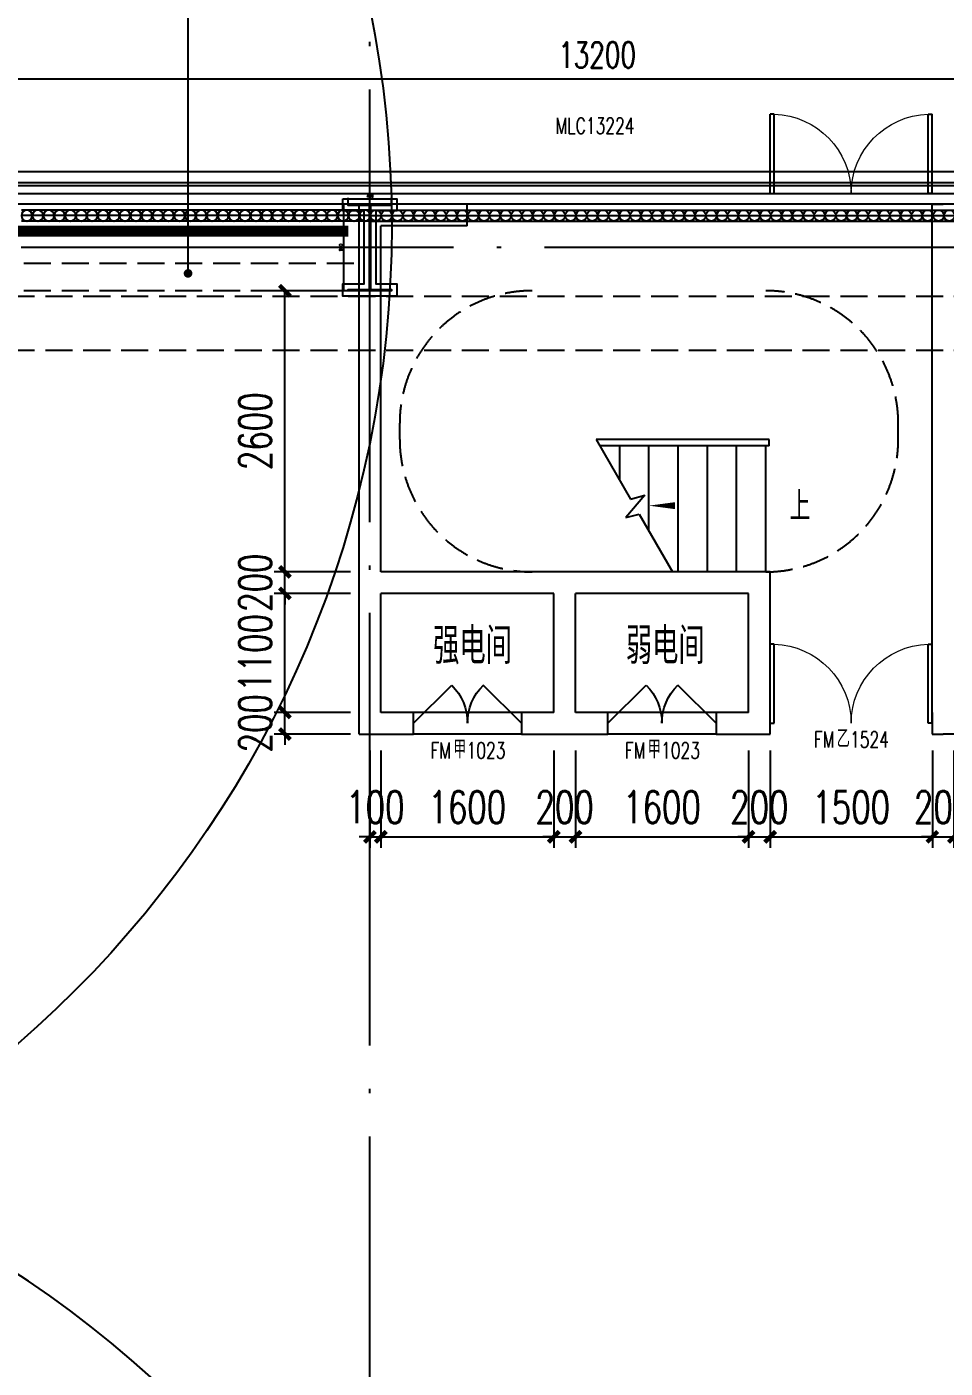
# Model space of a CAD drawing. Extents: x -1313754 to 847533, y 489853 to 941203.
# Drawn here: x -276027 to -267535, y 610357 to 622760 of the extents above; entities that cross this region are included whole.
import ezdxf

# ---------------------------------------------------------------- set-up
doc = ezdxf.new("R2010")
doc.units = 0
doc.header["$LTSCALE"] = 1000
doc.header["$MEASUREMENT"] = 0
for name, pattern in [('CENTER', [2, 1.25, -0.25, 0.25, -0.25]), ('DASH', [0.35, 0.25, -0.1]), ('DOTE', [2.42, 2, -0.2, 0.02, -0.2])]:
    doc.linetypes.add(name, pattern=pattern)
doc.layers.get('Defpoints').update_dxf_attribs({"color": 210})
for name, color, linetype in [('A-AXIS-DOTE', 14, 'DOTE'), ('A-AXIS-DP', 126, 'Continuous'), ('A-AXIS-SYMB', 3, 'Continuous'), ('A-HATCH-2', 251, 'Continuous'), ('A-HRAIL', 173, 'Continuous'), ('A-LIN-V', 9, 'Continuous'), ('A-SFCE', 30, 'Continuous'), ('A-WINDOW', 140, 'Continuous'), ('AS-COLN', 6, 'Continuous'), ('AS-WALL', 40, 'Continuous'), ('AS-结构边线层', 200, 'Continuous'), ('DIM_SYMB', 3, 'Continuous'), ('DOOR_FIRE_TEXT', 7, 'Continuous'), ('PUB_TEXT', 7, 'Continuous'), ('SB_ZF消火栓', 10, 'Continuous'), ('SB_ZF消火栓M', 10, 'Continuous'), ('建-窗', 4, 'Continuous'), ('建-门窗编号', 7, 'Continuous')]:
    doc.layers.add(name, color=color, linetype=linetype)
doc.layers.add('A-加建区域', color=47, linetype='Continuous', plot=False)
doc.layers.add('柱间支撑', color=6, linetype='CENTER', lineweight=0)
doc.styles.add('_TCH_DIM', font='SIMPLEX', dxfattribs={"bigfont": 'GBCBIG'})
doc.styles.add('_TCH_DIM_T3', font='SIMPLEX', dxfattribs={"width": 0.705882, "bigfont": 'GBCBIG'})
doc.styles.add('_TCH_WINDOW', font='SIMPLEX', dxfattribs={"height": 3.5, "bigfont": 'GBCBIG'})
doc.styles.add('A-WIN-LABEL', font='SIMPLEX', dxfattribs={"bigfont": 'GBCBIG'})
doc.dimstyles.new('_TCH_ARCH&&10', dxfattribs={"dimtxt": 29.75, "dimasz": 10, "dimexe": 10, "dimexo": 10, "dimgap": 12.625, "dimtad": 1, "dimdec": 0, "dimzin": 0, "dimdsep": 46, "dimtxsty": '_TCH_DIM_T3', "dimblk": 'ARCHTICK', "dimcen": 0.09, "dimclrt": 7, "dimazin": 2, "dimtfac": 1, "dimtdec": 0, "dimtix": 1, "dimtmove": 2, "dimatfit": 3, "dimfxl": 0, "dimtolj": 1, "dimtzin": 0, "dimarcsym": 0})
doc.dimstyles.new('_TCH_ARCH&&100', dxfattribs={"dimtxt": 297.5, "dimasz": 100, "dimexe": 100, "dimexo": 100, "dimgap": 126.25, "dimtad": 1, "dimdec": 0, "dimzin": 0, "dimdsep": 46, "dimtxsty": '_TCH_DIM_T3', "dimblk": 'ARCHTICK', "dimcen": 0.09, "dimclrt": 7, "dimazin": 2, "dimtfac": 1, "dimtdec": 0, "dimtix": 1, "dimtmove": 2, "dimatfit": 3, "dimfxl": 0, "dimtolj": 1, "dimtzin": 0, "dimarcsym": 0})
doc.dimstyles.new('_TCH_ARCH&&80', dxfattribs={"dimtxt": 238, "dimasz": 80, "dimexe": 80, "dimexo": 80, "dimgap": 101, "dimtad": 1, "dimdec": 0, "dimzin": 0, "dimdsep": 46, "dimtxsty": '_TCH_DIM_T3', "dimblk": 'ARCHTICK', "dimcen": 0.09, "dimclrt": 7, "dimazin": 2, "dimtfac": 1, "dimtdec": 0, "dimtix": 1, "dimtmove": 2, "dimatfit": 3, "dimfxl": 0, "dimtolj": 1, "dimtzin": 0, "dimarcsym": 0})

# ---------------------------------------------------------------- blocks, each defined once
blk = doc.blocks.new('dote')
at = {"layer": 'A-AXIS-DOTE', "ltscale": 2}
for p, q in [((-52117.8, -264080), (-52117.8, -75950)), ((98696.4, -184100), (-97273.6, -184100))]:
    blk.add_line(p, q, dxfattribs=at)
blk = doc.blocks.new('43243')
at = {"layer": 'AS-结构边线层'}
blk.add_lwpolyline([(-263994, 621290), (-277514, 621290), (-277514, 621120), (-279354, 621120), (-279354, 620570), (-281454, 620570), (-281454, 621120), (-295987, 621120), (-313454, 567286), (-313454, 548520), (-281454, 548520), (-281454, 549070), (-279354, 549070), (-279354, 548520), (-277514, 548520), (-277514, 548350), (-263994, 548350)], dxfattribs=at)
blk = doc.blocks.new('3243243')
at = {"layer": 'A-AXIS-SYMB'}
blk.add_line((-274535.8, 620480), (-274535.8, 623320), dxfattribs=at)
at = {"layer": 'A-AXIS-SYMB', "const_width": 40}
blk.add_lwpolyline([(-274535.8, 620460, 1), (-274535.8, 620500, 1)], format="xyb", close=True, dxfattribs=at)
at = {"layer": 'A-SFCE', "color": 2, "linetype": 'DASH'}
for p, q in [((-273004.2, 620570.1), (-281704.2, 620570.1)), ((-273004.2, 620320.1), (-281704.2, 620320.1))]:
    blk.add_line(p, q, dxfattribs=at)
blk = doc.blocks.new('4324324')
at = {"layer": 'A-HATCH-2', "linetype": 'DASH'}
for p, q in [((-294754.2, 620270), (-135554.2, 620270)), ((-294754.2, 619770), (-135554.2, 619770))]:
    blk.add_line(p, q, dxfattribs=at)
blk = doc.blocks.new('_ArchTick')
at = {"color": 0, "linetype": 'ByBlock', "const_width": 0.4}
blk.add_lwpolyline([(-0.5, -0.5), (0.5, 0.5)], dxfattribs=at)
blk = doc.blocks.new('*D1767')
at = {"layer": 'A-AXIS-DP', "color": 0, "lineweight": -2}
for p, q in [((-165054, 621030), (-165054, 621079)), ((-165054, 621069), (-164654, 621069)), ((-164654, 621030), (-164654, 621079))]:
    blk.add_line(p, q, dxfattribs=at)
at = {"layer": 'Defpoints', "color": 0}
for p in [(-165054, 621020), (-164654, 621069), (-164654, 621020)]:
    blk.add_point(p, dxfattribs=at)
at = {"layer": 'A-AXIS-DP', "color": 0, "lineweight": -2, "xscale": 10, "yscale": 10, "zscale": 10, "rotation": 180}
blk.add_blockref('_ArchTick', (-165054, 621069), dxfattribs=at)
at = {"layer": 'A-AXIS-DP', "color": 0, "lineweight": -2, "xscale": 10, "yscale": 10, "zscale": 10}
blk.add_blockref('_ArchTick', (-164654, 621069), dxfattribs=at)
at = {"layer": 'A-AXIS-DP', "color": 7, "insert": (-164854, 621096), "char_height": 29.8, "attachment_point": 5, "style": '_TCH_DIM_T3'}
blk.add_mtext('\\A1;400', dxfattribs=at)
blk = doc.blocks.new('*D1768')
at = {"layer": 'A-AXIS-DP', "color": 0, "lineweight": -2}
for p, q in [((-165064, 621020), (-165105, 621020)), ((-165095, 620220), (-165095, 621020)), ((-165064, 620220), (-165105, 620220))]:
    blk.add_line(p, q, dxfattribs=at)
at = {"layer": 'Defpoints', "color": 0}
for p in [(-165095, 621020), (-165054, 621020), (-165054, 620220)]:
    blk.add_point(p, dxfattribs=at)
at = {"layer": 'A-AXIS-DP', "color": 0, "lineweight": -2, "xscale": 10, "yscale": 10, "zscale": 10}
for p, rotation in [((-165095, 621020), 90), ((-165095, 620220), 270)]:
    blk.add_blockref('_ArchTick', p, dxfattribs=dict(at, rotation=rotation))
at = {"layer": 'A-AXIS-DP', "color": 7, "insert": (-165123, 620620), "char_height": 29.8, "attachment_point": 5, "rotation": 90, "style": '_TCH_DIM_T3'}
blk.add_mtext('\\A1;800', dxfattribs=at)
blk = doc.blocks.new('$DorLib2D$00000002')
for p, q in [((-0.5, 0), (-0.5, 0.4875)), ((-0.475, 0.4875), (-0.5, 0.4875)), ((-0.475, 0), (-0.475, 0.4875)), ((0.475, 0), (0.475, 0.4875)), ((0.475, 0.4875), (0.5, 0.4875)), ((0.5, 0), (0.5, 0.4875)), ((-0.5, 0), (-0.475, 0)), ((0.5, 0), (0.475, 0))]:
    blk.add_line(p, q)
at = {"lineweight": 13}
for centre, start, end in [((-0.4875, 0), 0, 88.53072), ((0.4875, 0), 91.46928, 180)]:
    blk.add_arc(centre, 0.4875, start, end, dxfattribs=at)
blk = doc.blocks.new('*D2268')
at = {"layer": 'A-加建区域', "color": 0, "lineweight": -2}
for p, q in [((-272854, 616070), (-272854, 615170)), ((-272754, 616070), (-272754, 615170)), ((-272854, 615270), (-272954, 615270)), ((-272854, 615270), (-272754, 615270)), ((-272754, 615270), (-272654, 615270))]:
    blk.add_line(p, q, dxfattribs=at)
at = {"layer": 'Defpoints', "color": 0}
for p in [(-272854, 616170), (-272754, 616170), (-272754, 615270)]:
    blk.add_point(p, dxfattribs=at)
at = {"layer": 'A-加建区域', "color": 0, "lineweight": -2, "xscale": 100, "yscale": 100, "zscale": 100}
blk.add_blockref('_ArchTick', (-272854, 615270), dxfattribs=at)
at = {"layer": 'A-加建区域', "color": 0, "lineweight": -2, "xscale": 100, "yscale": 100, "zscale": 100, "rotation": 180}
blk.add_blockref('_ArchTick', (-272754, 615270), dxfattribs=at)
at = {"layer": 'A-加建区域', "color": 7, "insert": (-272804, 615545), "char_height": 297.5, "attachment_point": 5, "style": '_TCH_DIM_T3'}
blk.add_mtext('\\A1;100', dxfattribs=at)
blk = doc.blocks.new('*D2269')
at = {"layer": 'A-加建区域', "color": 0, "lineweight": -2}
for p, q in [((-272754, 616070), (-272754, 615170)), ((-271154, 616070), (-271154, 615170)), ((-272754, 615270), (-271154, 615270))]:
    blk.add_line(p, q, dxfattribs=at)
at = {"layer": 'Defpoints', "color": 0}
for p in [(-272754, 616170), (-271154, 616170), (-271154, 615270)]:
    blk.add_point(p, dxfattribs=at)
at = {"layer": 'A-加建区域', "color": 0, "lineweight": -2, "xscale": 100, "yscale": 100, "zscale": 100, "rotation": 180}
blk.add_blockref('_ArchTick', (-272754, 615270), dxfattribs=at)
at = {"layer": 'A-加建区域', "color": 0, "lineweight": -2, "xscale": 100, "yscale": 100, "zscale": 100}
blk.add_blockref('_ArchTick', (-271154, 615270), dxfattribs=at)
at = {"layer": 'A-加建区域', "color": 7, "insert": (-271954, 615545), "char_height": 297.5, "attachment_point": 5, "style": '_TCH_DIM_T3'}
blk.add_mtext('\\A1;1600', dxfattribs=at)
blk = doc.blocks.new('*D2270')
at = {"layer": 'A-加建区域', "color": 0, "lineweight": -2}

┄┄┄┄┄┄┄┄┄┄┄┄┄┄┄┄┄┄┄┄

= Task goal =
Go through the data and gather every line that holds "CENTER".

= Result of the task =
for name, pattern in [('CENTER', [2, 1.25, -0.25, 0.25, -0.25]), ('DASH', [0.35, 0.25, -0.1]), ('DOTE', [2.42, 2, -0.2, 0.02, -0.2])]:
doc.layers.add('柱间支撑', color=6, linetype='CENTER', lineweight=0)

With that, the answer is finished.